Founded in 2012, EPIGEX is a start-up that develops and commercialises innovative tools for the study of epigenetic diseases such as cancer, inflammation and autoimmune diseases. EPIGEX offers:
- innovative tools for the research and screening of new therapeutic molecules ;
- a new technology for mapping altered protein interactions in epigenetic diseases ;
- new tumour markers capable of detecting the first signs of the disease, at a time when the prognosis is positive.
Founded in 2015, RiboStruct is developing a generic treatment for all genetic diseases when they are caused by a particular type of mutation, nonsense mutations (approx. 10-15 of the cases) by targeting the human ribosome thanks to the unique know-how in ribosome crystallography developed by Marat Yusupov and Gulnara Yusupova at the IGBMC. This new therapeutic approach, trans-reading, is applicable regardless of the gene concerned, unlike gene therapies which each target a specific gene.
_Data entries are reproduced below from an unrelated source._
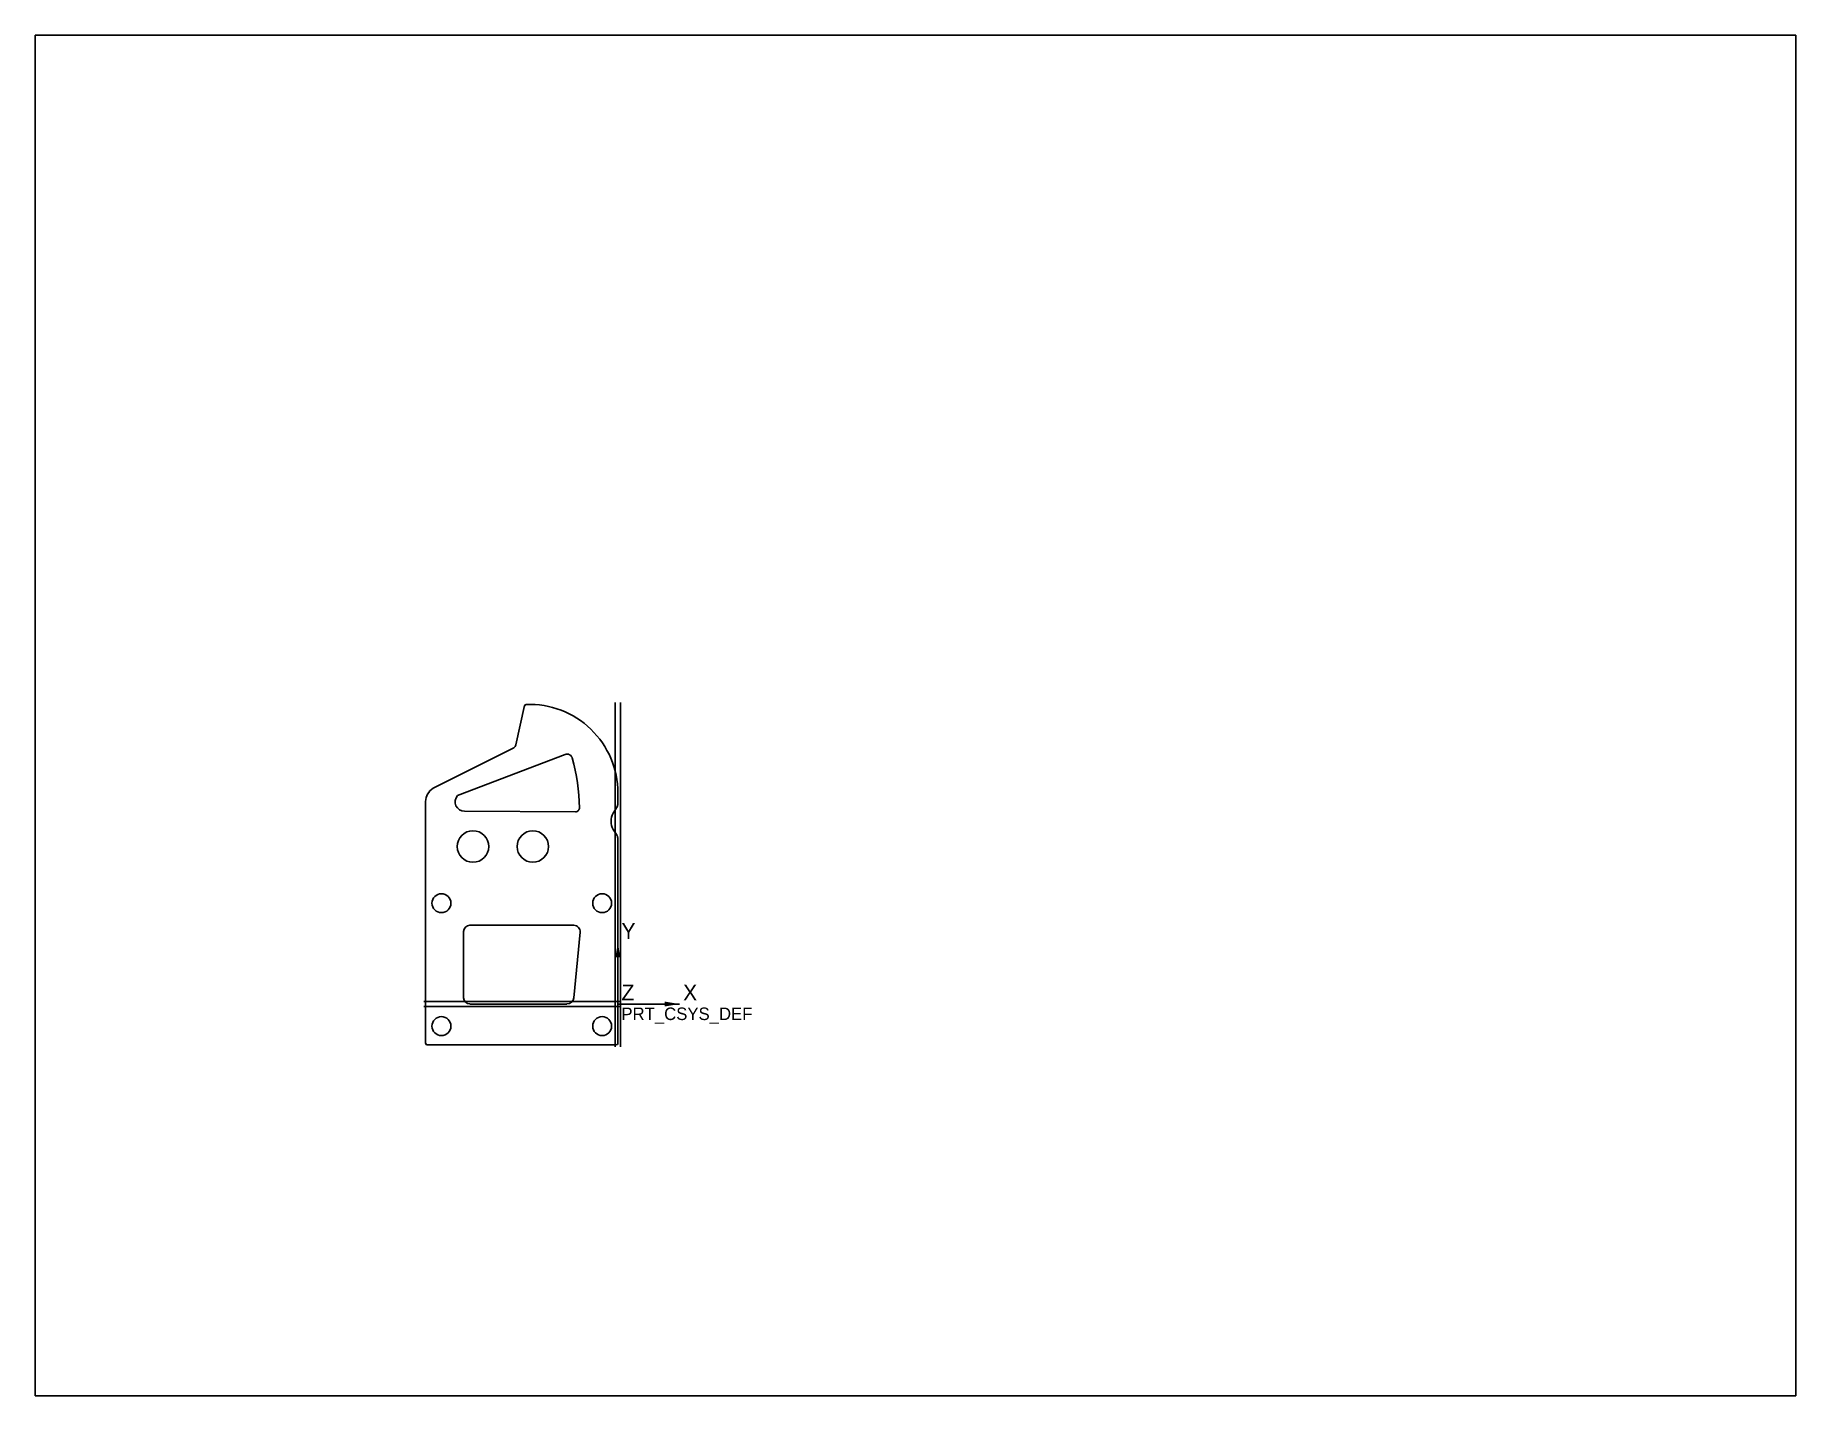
# Model space of a CAD drawing. Header units: inches. Extents: x 0 to 22, y 0 to 17.
import ezdxf

# ---------------------------------------------------------------- set-up
doc = ezdxf.new("R2010")
doc.units = ezdxf.units.IN
doc.header["$LTSCALE"] = 1.21
doc.header["$MEASUREMENT"] = 0
doc.layers.get('0').update_dxf_attribs({"linetype": 'CONTINUOUS'})
for name, color, linetype in [('01___PRT_ALL_DTM_PLN', 7, 'CONTINUOUS'), ('02___PRT_ALL_AXES', 7, 'CONTINUOUS'), ('05___PRT_ALL_DTM_CSYS', 7, 'CONTINUOUS')]:
    doc.layers.add(name, color=color, linetype=linetype)
doc.styles.get("Standard").update_dxf_attribs({"font": 'ar_wgl__.ttf'})

msp = doc.modelspace()

# ---------------------------------------------------------------- linework, layer by layer
at = {"color": 7, "linetype": 'CONTINUOUS'}
for p, q in [((0, 0), (0, 17)), ((0, 17), (22, 17)), ((22, 0), (22, 17)), ((0, 0), (22, 0))]:
    msp.add_line(p, q, dxfattribs=at)
at = {"layer": '01___PRT_ALL_DTM_PLN', "color": 9, "linetype": 'CONTINUOUS'}
for p, q in [((7.248, 8.664), (7.248, 4.359)), ((7.305, 4.862), (4.855, 4.862))]:
    msp.add_line(p, q, dxfattribs=at)
at = {"layer": '01___PRT_ALL_DTM_PLN', "color": 7, "linetype": 'CONTINUOUS'}
for p, q in [((7.314, 8.664), (7.314, 4.359)), ((7.305, 4.928), (4.855, 4.928))]:
    msp.add_line(p, q, dxfattribs=at)
at = {"layer": '02___PRT_ALL_AXES', "color": 7, "linetype": 'CONTINUOUS'}
for p, q in [((6.116, 8.623), (6.007, 8.133)), ((5.979, 8.098), (4.971, 7.591)), ((5.278, 7.499), (6.623, 8.013)), ((7.281, 7.397), (7.281, 7.533)), ((4.879, 7.424), (4.879, 4.403)), ((6.752, 7.297), (5.365, 7.306)), ((7.224, 7.28), (7.27, 7.357)), ((7.27, 7), (7.224, 7.077)), ((7.281, 4.403), (7.281, 6.96)), ((5.352, 4.974), (5.352, 5.8)), ((5.431, 5.879), (6.73, 5.879)), ((6.809, 5.793), (6.73, 4.973)), ((6.644, 4.895), (5.431, 4.895)), ((4.899, 4.383), (7.261, 4.383))]:
    msp.add_line(p, q, dxfattribs=at)
for centre, radius in [((5.47, 6.863), 0.197), ((6.218, 6.863), 0.197), ((5.076, 6.155), 0.118), ((7.084, 6.155), 0.118), ((5.076, 4.619), 0.118), ((7.084, 4.619), 0.118)]:
    msp.add_circle(centre, radius, dxfattribs=at)
for centre, radius, start, end in [((6.136, 8.618), 0.02, 92.0491, 167.408), ((6.175, 7.533), 1.106, 0, 92.0491), ((5.956, 8.144), 0.052, 296.7073, 347.408), ((6.647, 7.951), 0.0668, 15.3235, 110.9234), ((4.259, 7.297), 2.543, 1.1249, 15.3235), ((5.076, 7.424), 0.197, 122.2724, 180), ((5.361, 7.42), 0.114, 136.2606, 272.0129), ((6.752, 7.346), 0.0487, 269.616, 1.1249), ((7.392, 7.178), 0.197, 149.0362, 210.9638), ((7.202, 7.397), 0.0787, 329.0362, 360), ((7.202, 6.96), 0.0787, 0, 30.9638), ((5.431, 5.8), 0.0787, 90, 180), ((6.73, 5.8), 0.0787, 354.5396, 90), ((5.431, 4.974), 0.0787, 180, 270), ((6.644, 4.982), 0.0866, 270, 354.5396), ((4.899, 4.403), 0.0197, 180, 270), ((7.261, 4.403), 0.0197, 270, 360)]:
    msp.add_arc(centre, radius, start, end, dxfattribs=at)
at = {"layer": '05___PRT_ALL_DTM_CSYS', "color": 7, "linetype": 'CONTINUOUS', "true_color": 0x33ff33}
msp.add_line((7.281, 5.665), (7.281, 4.895), dxfattribs=at)
at = {"layer": '05___PRT_ALL_DTM_CSYS', "color": 7, "linetype": 'CONTINUOUS', "true_color": 0xff3333}
msp.add_line((8.051, 4.895), (7.281, 4.895), dxfattribs=at)
at = {"layer": '05___PRT_ALL_DTM_CSYS', "color": 7, "linetype": 'CONTINUOUS', "true_color": 0x33ff33}
msp.add_solid([(7.281, 5.665), (7.312, 5.477), (7.25, 5.477)], dxfattribs=at)
at = {"layer": '05___PRT_ALL_DTM_CSYS', "color": 7, "linetype": 'CONTINUOUS', "true_color": 0xff3333}
msp.add_solid([(8.051, 4.895), (7.864, 4.864), (7.864, 4.926)], dxfattribs=at)

# ---------------------------------------------------------------- texts
at = {"layer": '05___PRT_ALL_DTM_CSYS', "color": 7, "linetype": 'CONTINUOUS', "true_color": 0x33ff33, "insert": (7.325, 5.908), "char_height": 0.199, "width": 0.18484, "attachment_point": 1, "line_spacing_factor": 0.9}
msp.add_mtext('Y', dxfattribs=at)
at = {"layer": '05___PRT_ALL_DTM_CSYS', "color": 7, "linetype": 'CONTINUOUS', "true_color": 0x33ffff, "insert": (7.325, 5.138), "char_height": 0.199, "width": 0.16931, "attachment_point": 1, "line_spacing_factor": 0.9}
msp.add_mtext('Z', dxfattribs=at)
at = {"layer": '05___PRT_ALL_DTM_CSYS', "color": 7, "linetype": 'CONTINUOUS', "true_color": 0xff3333, "insert": (8.095, 5.138), "char_height": 0.199, "width": 0.18484, "attachment_point": 1, "line_spacing_factor": 0.9}
msp.add_mtext('X', dxfattribs=at)
at = {"layer": '05___PRT_ALL_DTM_CSYS', "color": 7, "linetype": 'CONTINUOUS', "insert": (7.325, 4.851), "char_height": 0.15625, "width": 1.70713, "attachment_point": 1, "line_spacing_factor": 0.9}
msp.add_mtext('PRT_CSYS_DEF', dxfattribs=at)

doc.saveas('drawing.dxf')
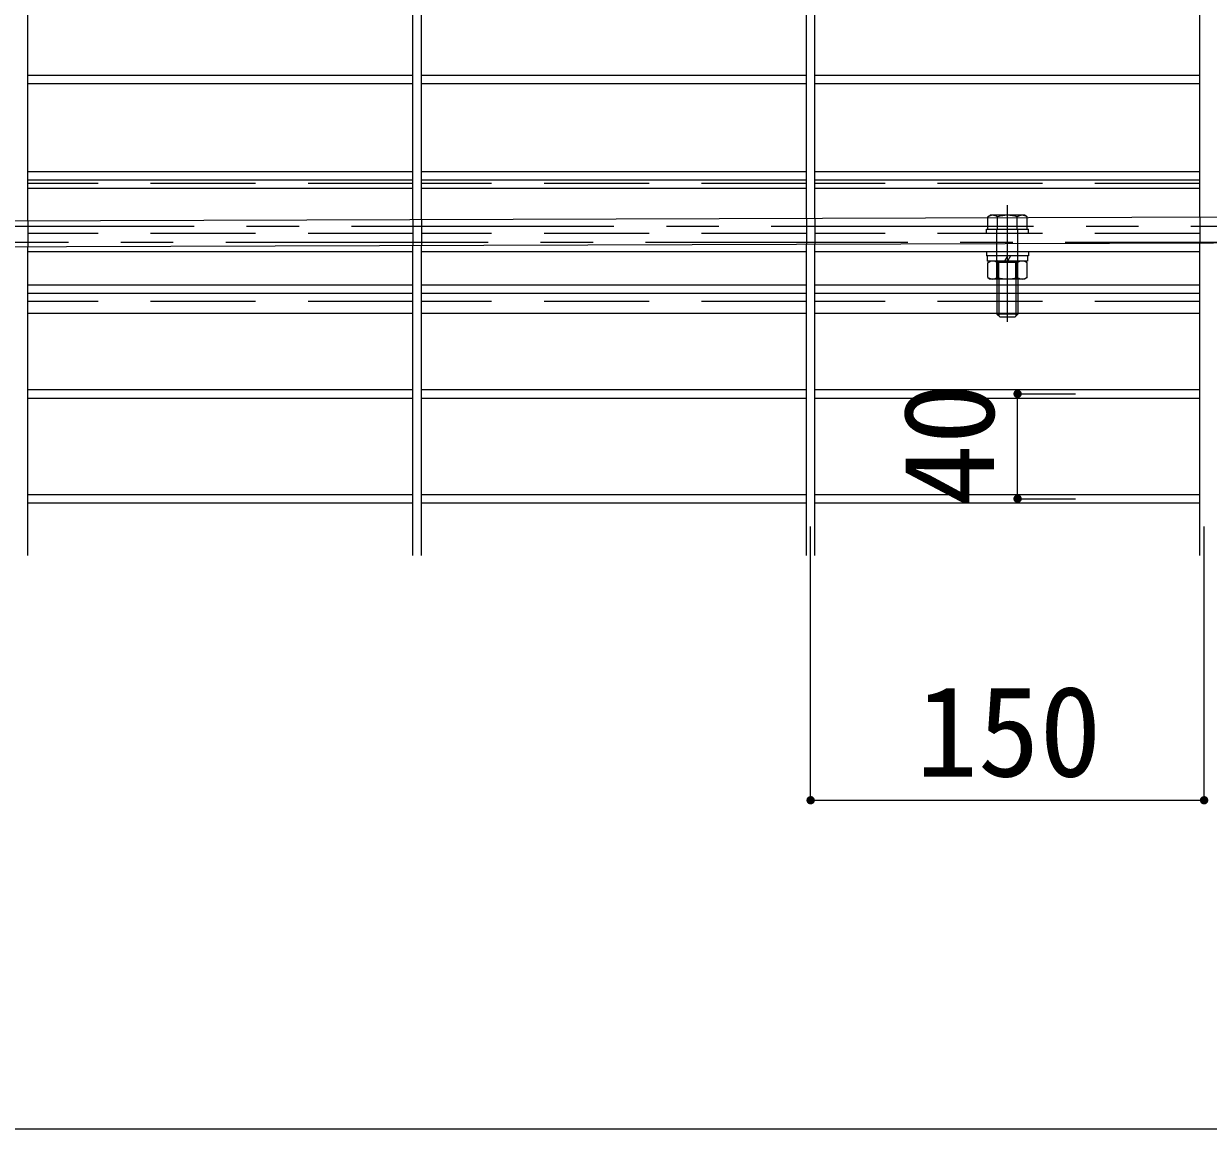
# Model space of a CAD drawing. Units: millimetres, scale not verified, with parts at other scales. Extents: x -10000 to 10000, y -6924 to 6926.
# Drawn here: x 193 to 1322, y 3211 to 4266 of the extents above; entities that cross this region are included whole.
import ezdxf
from ezdxf.enums import TextEntityAlignment as Align

# ---------------------------------------------------------------- set-up
doc = ezdxf.new("R2010")
doc.units = ezdxf.units.MM
doc.header["$LTSCALE"] = 50
doc.linetypes.add('CHAIN1', pattern=[8, 5, -1, 1, -1])
doc.linetypes.add('DASHED2', pattern=[3, 2, -1])
for name, color, linetype, lineweight in [('0-C_1-7', 7, 'Continuous', 9), ('1-5_2-5', 6, 'Continuous', 9), ('1-6_2-3', 7, 'DASHED2', 9), ('1-8_2-E', 6, 'Continuous', 9), ('1-9_寸法', 2, 'DASHED2', 9), ('1-C_2-7', 7, 'Continuous', 9)]:
    doc.layers.add(name, color=color, linetype=linetype, lineweight=lineweight)
doc.styles.add('ＭＳ ゴシック', font='')
doc.styles.get('ＭＳ ゴシック').set_extended_font_data('MS Gothic')

msp = doc.modelspace()

# ---------------------------------------------------------------- linework, layer by layer
at = {"layer": '1-5_2-5'}
for p, q in [((197.03, 4077.82), (197.03, 4633.94)), ((564.03, 4078.99), (564.03, 4633.94)), ((572.03, 4079.01), (572.03, 4633.94)), ((939.03, 4080.18), (939.03, 4633.94)), ((947.03, 4080.2), (947.03, 4633.94)), ((1314.03, 4081.37), (1314.03, 4633.94)), ((197.03, 4216.81), (564.03, 4216.81)), ((572.03, 4216.81), (939.03, 4216.81)), ((947.03, 4216.81), (1314.03, 4216.81)), ((197.03, 4208.81), (564.03, 4208.81)), ((572.03, 4208.81), (939.03, 4208.81)), ((947.03, 4208.81), (1314.03, 4208.81)), ((197.03, 4116.81), (564.03, 4116.81)), ((572.03, 4116.81), (939.03, 4116.81)), ((947.03, 4116.81), (1314.03, 4116.81)), ((197.03, 4108.81), (564.03, 4108.81)), ((572.03, 4108.81), (939.03, 4108.81)), ((947.03, 4108.81), (1314.03, 4108.81)), ((564.03, 3758.81), (564.03, 4053.99)), ((572.03, 3758.81), (572.03, 4054.01)), ((939.03, 3758.81), (939.03, 4055.18)), ((947.03, 3758.81), (947.03, 4055.2)), ((1314.03, 3758.81), (1314.03, 4056.37)), ((197.03, 3758.81), (197.03, 4052.82)), ((197.03, 4016.81), (564.03, 4016.81)), ((197.03, 4008.81), (564.03, 4008.81)), ((572.03, 4016.81), (939.03, 4016.81)), ((572.03, 4008.81), (939.03, 4008.81)), ((947.03, 4016.81), (1314.03, 4016.81)), ((947.03, 4008.81), (1314.03, 4008.81)), ((197.03, 3916.81), (564.03, 3916.81)), ((197.03, 3908.81), (564.03, 3908.81)), ((572.03, 3916.81), (939.03, 3916.81)), ((572.03, 3908.81), (939.03, 3908.81)), ((947.03, 3916.81), (1314.03, 3916.81)), ((947.03, 3908.81), (1314.03, 3908.81)), ((197.03, 3816.81), (564.03, 3816.81)), ((572.03, 3816.81), (939.03, 3816.81)), ((947.03, 3816.81), (1314.03, 3816.81)), ((197.03, 3808.81), (564.03, 3808.81)), ((572.03, 3808.81), (939.03, 3808.81)), ((947.03, 3808.81), (1314.03, 3808.81))]:
    msp.add_line(p, q, dxfattribs=at)
at = {"layer": '1-5_2-5', "linetype": 'DASHED2'}
for p, q in [((197.03, 4077.82), (197.03, 4052.82)), ((564.03, 4078.99), (564.03, 4053.99)), ((572.03, 4079.01), (572.03, 4054.01)), ((939.03, 4080.18), (939.03, 4055.18)), ((947.03, 4080.2), (947.03, 4055.2)), ((1314.03, 4081.37), (1314.03, 4056.37))]:
    msp.add_line(p, q, dxfattribs=at)
at = {"layer": '1-6_2-3', "linetype": 'Continuous'}
for p, q in [((564.03, 4124.56), (197.03, 4124.56)), ((939.03, 4124.56), (572.03, 4124.56)), ((1314.03, 4124.56), (947.03, 4124.56)), ((564.03, 4048.31), (197.03, 4048.31)), ((939.03, 4048.31), (572.03, 4048.31)), ((1314.03, 4048.31), (947.03, 4048.31)), ((564.03, 3989.56), (197.03, 3989.56)), ((939.03, 3989.56), (572.03, 3989.56)), ((1314.03, 3989.56), (947.03, 3989.56))]:
    msp.add_line(p, q, dxfattribs=at)
at = {"layer": '1-6_2-3'}
for p, q in [((564.03, 4113.31), (197.03, 4113.31)), ((939.03, 4113.31), (572.03, 4113.31)), ((1314.03, 4113.31), (947.03, 4113.31)), ((564.03, 4065.81), (197.03, 4065.81)), ((939.03, 4065.81), (572.03, 4065.81)), ((1314.03, 4065.81), (947.03, 4065.81)), ((564.03, 4000.81), (197.03, 4000.81)), ((939.03, 4000.81), (572.03, 4000.81)), ((1314.03, 4000.81), (947.03, 4000.81))]:
    msp.add_line(p, q, dxfattribs=at)
at = {"layer": '1-6_2-3', "color": 3, "linetype": 'CHAIN1'}
msp.add_line((3035.62, 4057.06), (-4512.82, 4057.06), dxfattribs=at)
at = {"layer": '1-8_2-E', "color": 2}
msp.add_line((-633.46, 4075.19), (2519.52, 4085.19), dxfattribs=at)
at = {"layer": '1-8_2-E', "color": 3, "linetype": 'CHAIN1'}
msp.add_line((-1094.5, 4072.69), (2988.06, 4072.69), dxfattribs=at)
at = {"layer": '1-8_2-E', "color": 2}
msp.add_lwpolyline([(2519.52, 4060.19), (-561.19, 4050.42), (-633.46, 4050.19)], dxfattribs=at)
at = {"layer": '1-9_寸法', "color": 3, "linetype": 'CHAIN1'}
msp.add_line((1130.53, 3981.56), (1130.53, 4092.71), dxfattribs=at)
at = {"layer": '1-9_寸法', "color": 4}
for p, q in [((1111.76, 4081.61), (1114.28, 4083.06)), ((1111.76, 4069.81), (1111.76, 4081.61)), ((1146.78, 4083.06), (1114.28, 4083.06)), ((1121.15, 4069.81), (1121.15, 4081.61)), ((1139.91, 4069.81), (1139.91, 4081.61)), ((1149.29, 4081.61), (1146.78, 4083.06)), ((1149.29, 4069.81), (1149.29, 4081.61)), ((1110.53, 4069.81), (1150.53, 4069.81)), ((1110.53, 4065.81), (1110.53, 4069.81)), ((1150.53, 4065.81), (1110.53, 4065.81)), ((1120.53, 4022.31), (1120.53, 4069.81)), ((1140.53, 4022.31), (1140.53, 4069.81)), ((1150.53, 4065.81), (1150.53, 4069.81)), ((1122.4, 4038.31), (1120.53, 4040.19)), ((1120.53, 4038.31), (1140.53, 4038.31)), ((1122.4, 4022.31), (1122.4, 4038.31)), ((1138.65, 4038.31), (1140.53, 4040.19)), ((1138.65, 4022.31), (1138.65, 4038.31))]:
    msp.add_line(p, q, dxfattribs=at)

Ccreated in 2014 by Marc-André Delsuc and Bruno Kieffer, CASC4DE is a company specialized in the development of analytical methods along with software and data engineering. Its aim is to develop innovative solutions to tackle the challenges of managing and processing large set of analytical data. They also offers services to answer analytical client’s issues. It proposes multi-analytic approaches with access to advanced Nuclear Magnetic Resonance (19F fluorine, 2D, 3D NMR) or Mass Spectrometry (FTICR MS, 2D FTMS).
Created in 2015, this project is led by Jocelyn Laporte, head of the "Physiopathology of neuromuscular diseases" team at the IGBMC. The Dynacure project focuses on the development of a therapeutic strategy for Centronuclear Myopathies (CNM), a group of serious and very rare myopathies for which no therapy exists today.